Should Baytex Energy Corp. Be on Your Buy List Right Now?

Contrarian investors are sifting through the wreckage in the energy sector in search of beaten-up stocks that might offer a shot at some big upside gains.

Let’s take a look at Baytex Energy Corp. (TSX:BTE)(NYSE:BTE) to see if it is an attractive contrarian pick today.

Tough times

Baytex traded for $45 per share three years ago and paid an annualized dividend of $2.88.

Today, investors can pick up the stock for close to $3, and the dividend is long gone.

Falling oil prices are primarily responsible for the rout, but Baytex has been hit harder than some of its peers due to the size of its debt load.

The company made a major acquisition in June 2014, right at the peak of the oil market, and the additional debt taken on to cover the purchase put Baytex in a precarious situation.

By the middle of December that year, the stock dropped below $16.

Management has actually done a good job of keeping Baytex alive. The company cut its dividend early, renegotiated terms with lenders when there was still an opportunity to do so, and raised a nice chunk of capital during the brief price recovery in 2015.

In addition, Baytex has reduced costs and is focusing its capital spending on its top assets.

The stock remains volatile due to the debt load. At the end of Q2 2017, long-term debt was still $1.8 billion, which is a lot for a company with a market capitalization of about $750 million.

However, Baytex has also managed to hold on to most of its assets through the difficult times, and that means there is strong upside potential if oil prices recover through the end of 2017 and into next year.

Oil market outlook

WTI oil started 2017 near US$55 per barrel, but drifted lower through the first half of the year, falling below US$43 in June.

Bulls say OPEC’s efforts to reduce supplies by 1.8 million barrels per day through next March will eventually balance the market and drive prices higher.

Bears don’t think OPEC and its partners are going to be able to hit their targets, and if they do succeed, rising U.S. production will cut the knees out of any potential gains in the oil market.

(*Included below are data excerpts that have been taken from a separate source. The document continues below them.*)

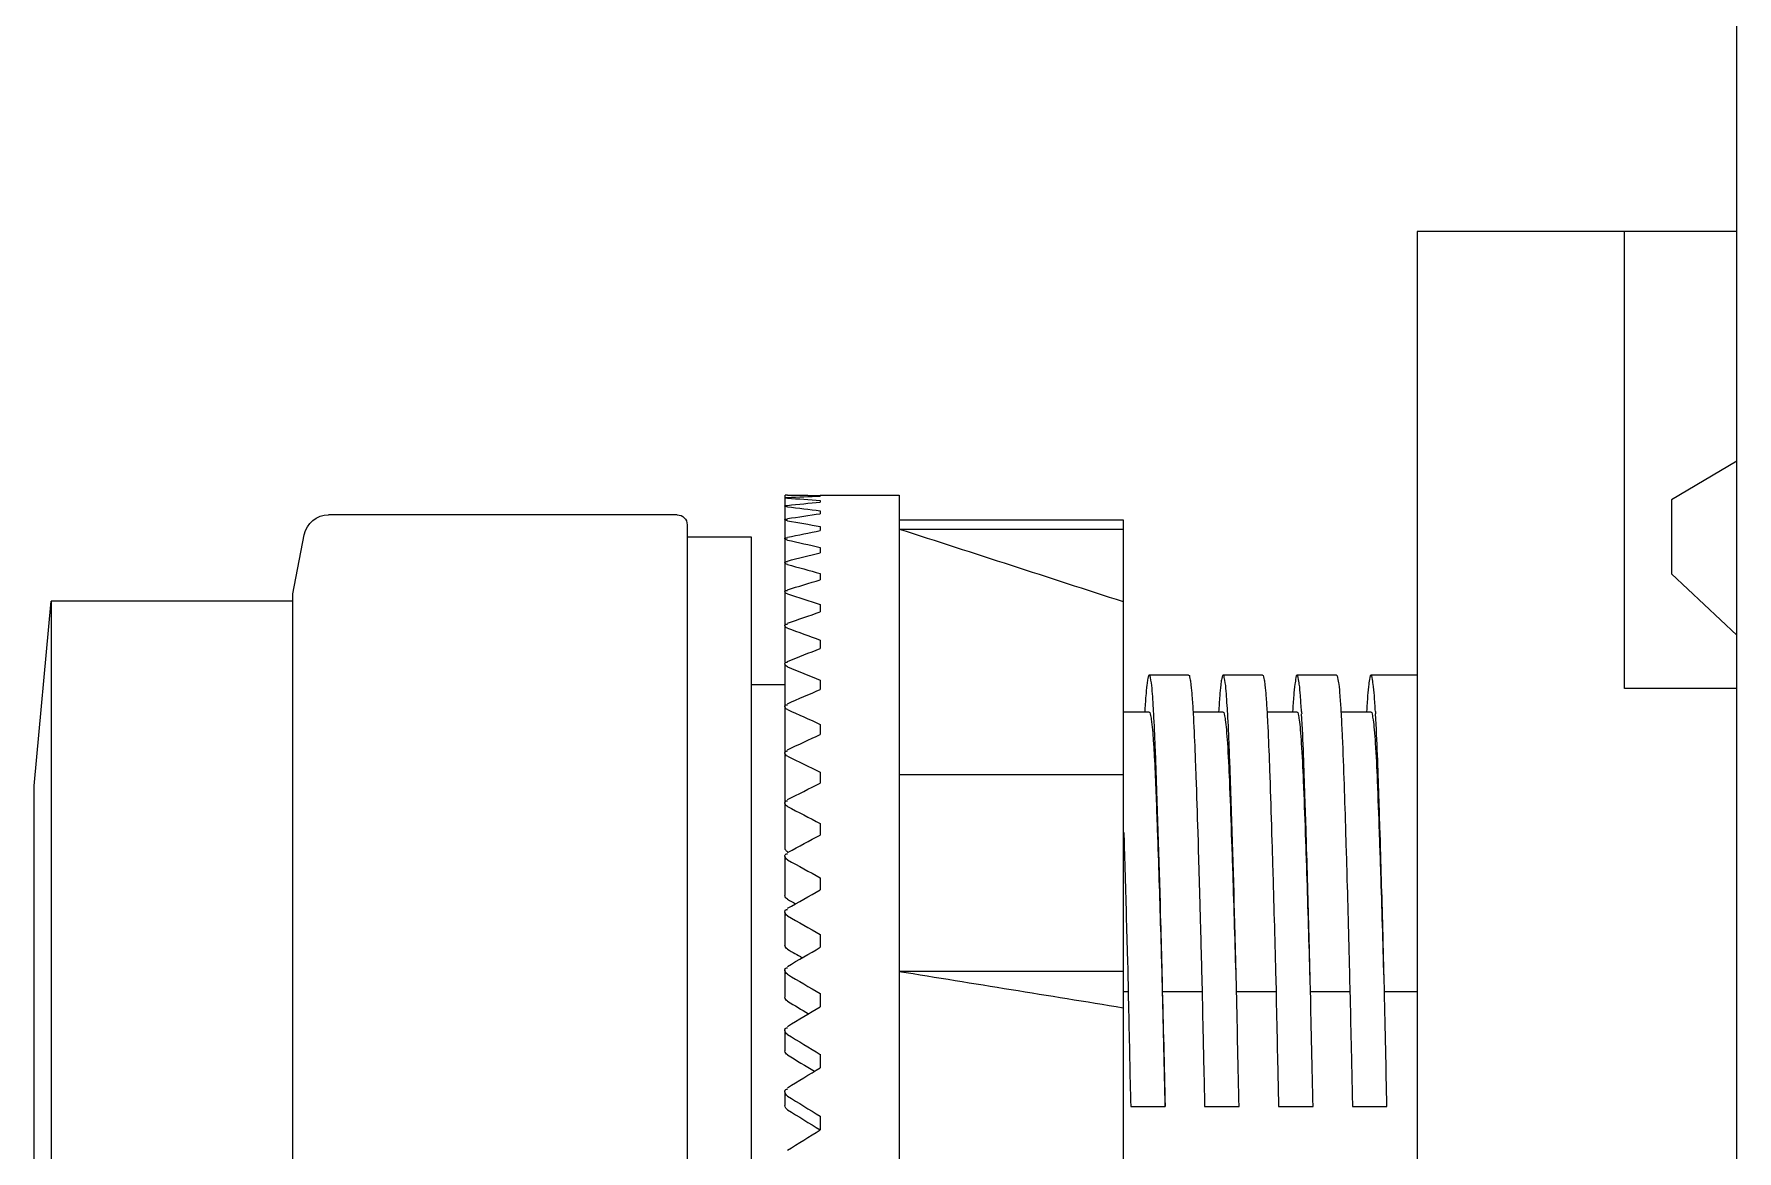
# Model space of a CAD drawing. Header units: millimetres. Extents: x -1052 to 3351, y 0 to 2015.
# Drawn here: x -228.262 to -227.751, y 1680.707 to 1681.042 of the extents above; entities that cross this region are included whole.
import ezdxf

# ---------------------------------------------------------------- set-up
doc = ezdxf.new("R2010")
doc.units = ezdxf.units.MM
doc.layers.add('@ New Renovation', color=7, linetype='Continuous')
for name, color, linetype, lineweight in [('AM_CL', 7, 'Continuous', 15), ('QZDB-6-1ASOLIDLINE！实线层', 7, 'Continuous', 18), ('ZHA01-E-01-BSOLIDLINE！实线层', 7, 'Continuous', 18)]:
    doc.layers.add(name, color=color, linetype=linetype, lineweight=lineweight)

# ---------------------------------------------------------------- blocks, each defined once
blk = doc.blocks.new('*X870')
at = {"layer": 'QZDB-6-1ASOLIDLINE！实线层', "color": 7, "linetype": 'Continuous'}
blk.add_line((-733.08, 1114.295), (-959.08, 1114.295), dxfattribs=at)
at = {"layer": 'ZHA01-E-01-BSOLIDLINE！实线层', "color": 7, "linetype": 'Continuous'}
for p, q in [((-902.33, 1148.845), (-906.08, 1148.495)), ((-884.83, 1148.845), (-902.33, 1148.845)), ((-906.08, 1143.595), (-906.08, 1148.495)), ((-906.08, 1148.495), (-881.08, 1148.495)), ((-906.23, 1143.595), (-907.426, 1143.363)), ((-880.93, 1143.595), (-906.23, 1143.595)), ((-907.83, 1135.795), (-907.83, 1142.872)), ((-907.63, 1135.595), (-879.53, 1135.595)), ((-907.38, 1135.595), (-907.38, 1134.295)), ((-907.38, 1134.295), (-879.78, 1134.295)), ((-904.38, 1133.607), (-904.38, 1134.295)), ((-908.23, 1133.56), (-908.23, 1133.607)), ((-908.182, 1133.607), (-908.23, 1133.607)), ((-908.179, 1133.594), (-908.179, 1133.577)), ((-908.022, 1133.607), (-908.174, 1133.607)), ((-904.839, 1133.607), (-908.008, 1133.607)), ((-901.065, 1133.607), (-904.803, 1133.607)), ((-900.105, 1133.607), (-900.905, 1133.607)), ((-899.095, 1133.607), (-899.772, 1133.607)), ((-898.044, 1133.607), (-898.591, 1133.607)), ((-896.958, 1133.607), (-897.372, 1133.607)), ((-895.846, 1133.607), (-896.124, 1133.607)), ((-908.179, 1133.577), (-908.179, 1133.561)), ((-908.017, 1133.577), (-908.017, 1133.561)), ((-907.745, 1133.577), (-907.745, 1133.561)), ((-900.979, 1133.56), (-900.987, 1133.543)), ((-908.23, 1132.895), (-908.23, 1131.295)), ((-908.222, 1132.895), (-908.21, 1132.895)), ((-908.122, 1132.895), (-908.086, 1132.895)), ((-907.912, 1132.895), (-907.852, 1132.895)), ((-907.593, 1132.895), (-907.51, 1132.895)), ((-907.168, 1132.895), (-907.061, 1132.895)), ((-906.639, 1132.895), (-906.51, 1132.895)), ((-906.01, 1132.895), (-905.861, 1132.895)), ((-905.287, 1132.895), (-905.118, 1132.895)), ((-904.475, 1132.895), (-904.287, 1132.895)), ((-903.58, 1132.895), (-903.375, 1132.895)), ((-902.609, 1132.895), (-902.388, 1132.895)), ((-901.569, 1132.895), (-901.334, 1132.895)), ((-900.468, 1132.895), (-900.221, 1132.895)), ((-899.315, 1132.895), (-899.058, 1132.895)), ((-898.118, 1132.895), (-897.853, 1132.895)), ((-896.887, 1132.895), (-896.615, 1132.895)), ((-895.63, 1132.895), (-895.354, 1132.895)), ((-908.23, 1131.295), (-878.93, 1131.295)), ((-907.73, 1131.295), (-907.73, 1126.745)), ((-907.542, 1131.295), (-907.542, 1126.745)), ((-902.553, 1126.745), (-902.553, 1131.295)), ((-898.569, 1126.745), (-898.569, 1131.295)), ((-907.73, 1126.745), (-879.43, 1126.745)), ((-903.83, 1126.22), (-903.83, 1126.745)), ((-901.384, 1126.736), (-901.18, 1126.729)), ((-898.163, 1126.745), (-898.163, 1126.647)), ((-898.816, 1126.663), (-898.574, 1126.657)), ((-898.574, 1126.657), (-898.163, 1126.647)), ((-898.163, 1126.647), (-897.776, 1126.639)), ((-898.163, 1126.647), (-897.776, 1126.639)), ((-895.83, 1126.596), (-895.83, 1125.896)), ((-904.58, 1125.42), (-904.58, 1126.22)), ((-903.802, 1126.128), (-903.84, 1126.13)), ((-898.163, 1125.947), (-898.163, 1125.147)), ((-903.83, 1124.72), (-903.83, 1125.33)), ((-901.387, 1125.236), (-901.189, 1125.23)), ((-899.978, 1125.195), (-899.938, 1125.193)), ((-898.382, 1125.152), (-898.163, 1125.147)), ((-895.83, 1125.096), (-895.83, 1124.396)), ((-904.58, 1123.92), (-904.58, 1124.72)), ((-903.802, 1124.628), (-903.84, 1124.63)), ((-901.388, 1124.554), (-901.189, 1124.547)), ((-898.163, 1124.447), (-898.163, 1123.647)), ((-903.83, 1123.22), (-903.83, 1123.83)), ((-901.387, 1123.736), (-901.189, 1123.73)), ((-898.408, 1123.653), (-898.163, 1123.647)), ((-895.83, 1123.596), (-895.83, 1122.896)), ((-904.58, 1122.42), (-904.58, 1123.22)), ((-901.388, 1123.054), (-901.189, 1123.047)), ((-901.189, 1123.03), (-901.386, 1123.036)), ((-898.163, 1122.947), (-898.42, 1122.953)), ((-898.163, 1122.947), (-898.163, 1122.147)), ((-903.841, 1122.33), (-903.835, 1122.33)), ((-903.836, 1122.33), (-903.83, 1122.33)), ((-903.835, 1122.33), (-903.794, 1122.327)), ((-903.83, 1121.72), (-903.83, 1122.33)), ((-901.386, 1122.236), (-901.189, 1122.23)), ((-898.434, 1122.154), (-898.163, 1122.147)), ((-895.83, 1122.096), (-895.83, 1121.396)), ((-904.58, 1120.78), (-904.58, 1121.72)), ((-901.388, 1121.554), (-901.189, 1121.547)), ((-901.189, 1121.53), (-901.386, 1121.536)), ((-898.163, 1121.447), (-898.446, 1121.454)), ((-898.163, 1121.447), (-898.163, 1120.78)), ((-913.579, 1114.295), (-913.579, 1120.78)), ((-913.579, 1120.78), (-873.579, 1120.78)), ((-904.309, 1116.58), (-913.579, 1116.58)), ((-904.309, 1114.295), (-904.309, 1116.58)), ((-908.919, 1114.295), (-908.136, 1115.621)), ((-908.136, 1115.621), (-906.636, 1115.621)), ((-906.636, 1115.621), (-905.388, 1114.295))]:
    blk.add_line(p, q, dxfattribs=at)
for centre, radius, start, end in [((-907.33, 1142.872), 0.5, 100.994, 180), ((-907.63, 1135.795), 0.2, 180, 270), ((-920.777, 37.755), 1088.427, 88.686661, 88.809479), ((-920.777, 36.255), 1088.427, 88.686661, 88.809479), ((-902.528, 1145.625), 22.534, 266.658, 266.778), ((-920.777, 34.755), 1088.427, 88.686661, 88.809479), ((-902.528, 1144.125), 22.534, 266.658, 266.778), ((-920.783, 33.178), 1088.504, 88.686419, 88.809228)]:
    blk.add_arc(centre, radius, start, end, dxfattribs=at)
for major_axis, ratio, start_param, end_param in [((0, 23.44), 0.625, 1.576585, 1.604933), ((2.076, 23.405), 0.619628, 1.631483, 1.659831), ((-2.076, 23.405), 0.619628, 1.521687, 1.550035), ((4.028, 23.313), 0.604175, 1.6806, 1.708947), ((-4.028, 23.313), 0.604175, 1.47257, 1.500918), ((5.777, 23.199), 0.580329, 1.720092, 1.74844), ((-5.777, 23.199), 0.580329, 1.433078, 1.461426), ((7.293, 23.094), 0.550168, 1.748613, 1.776961), ((-7.293, 23.094), 0.550168, 1.404557, 1.432904), ((8.588, 23.018), 0.515626, 1.766649, 1.794997), ((-8.588, 23.018), 0.515626, 1.386521, 1.414868), ((9.688, 22.977), 0.478249, 1.775569, 1.803917), ((-9.688, 22.977), 0.478249, 1.3776, 1.405948), ((10.623, 22.971), 0.439163, 1.776957, 1.805305), ((-10.623, 22.971), 0.439163, 1.376213, 1.404561), ((11.419, 22.993), 0.399139, 1.772281, 1.800629), ((-11.419, 22.993), 0.399139, 1.380889, 1.409237), ((12.098, 23.035), 0.358688, 1.762784, 1.791132), ((-12.098, 23.035), 0.358688, 1.390386, 1.418733), ((12.675, 23.091), 0.318132, 1.749475, 1.777823), ((-12.675, 23.091), 0.318132, 1.403695, 1.432042), ((13.164, 23.153), 0.277661, 1.733161, 1.761509), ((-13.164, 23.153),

American output is up about 10% in the past year.

For the moment, WTI oil looks like it is stuck in a range of US$45-55 per barrel unless a major event sends its soaring above US$60 or crashing back down to the 2016 lows.

Should you buy Baytex?

The decision depends on where you think oil is headed.

If you are an oil bull, and can handle some serious volatility, Baytex offers attractive upside potential on a surge in crude prices, and it might be worthwhile to start a small contrarian position.

Investors who are not that optimistic on the oil market should probably look for other opportunities today.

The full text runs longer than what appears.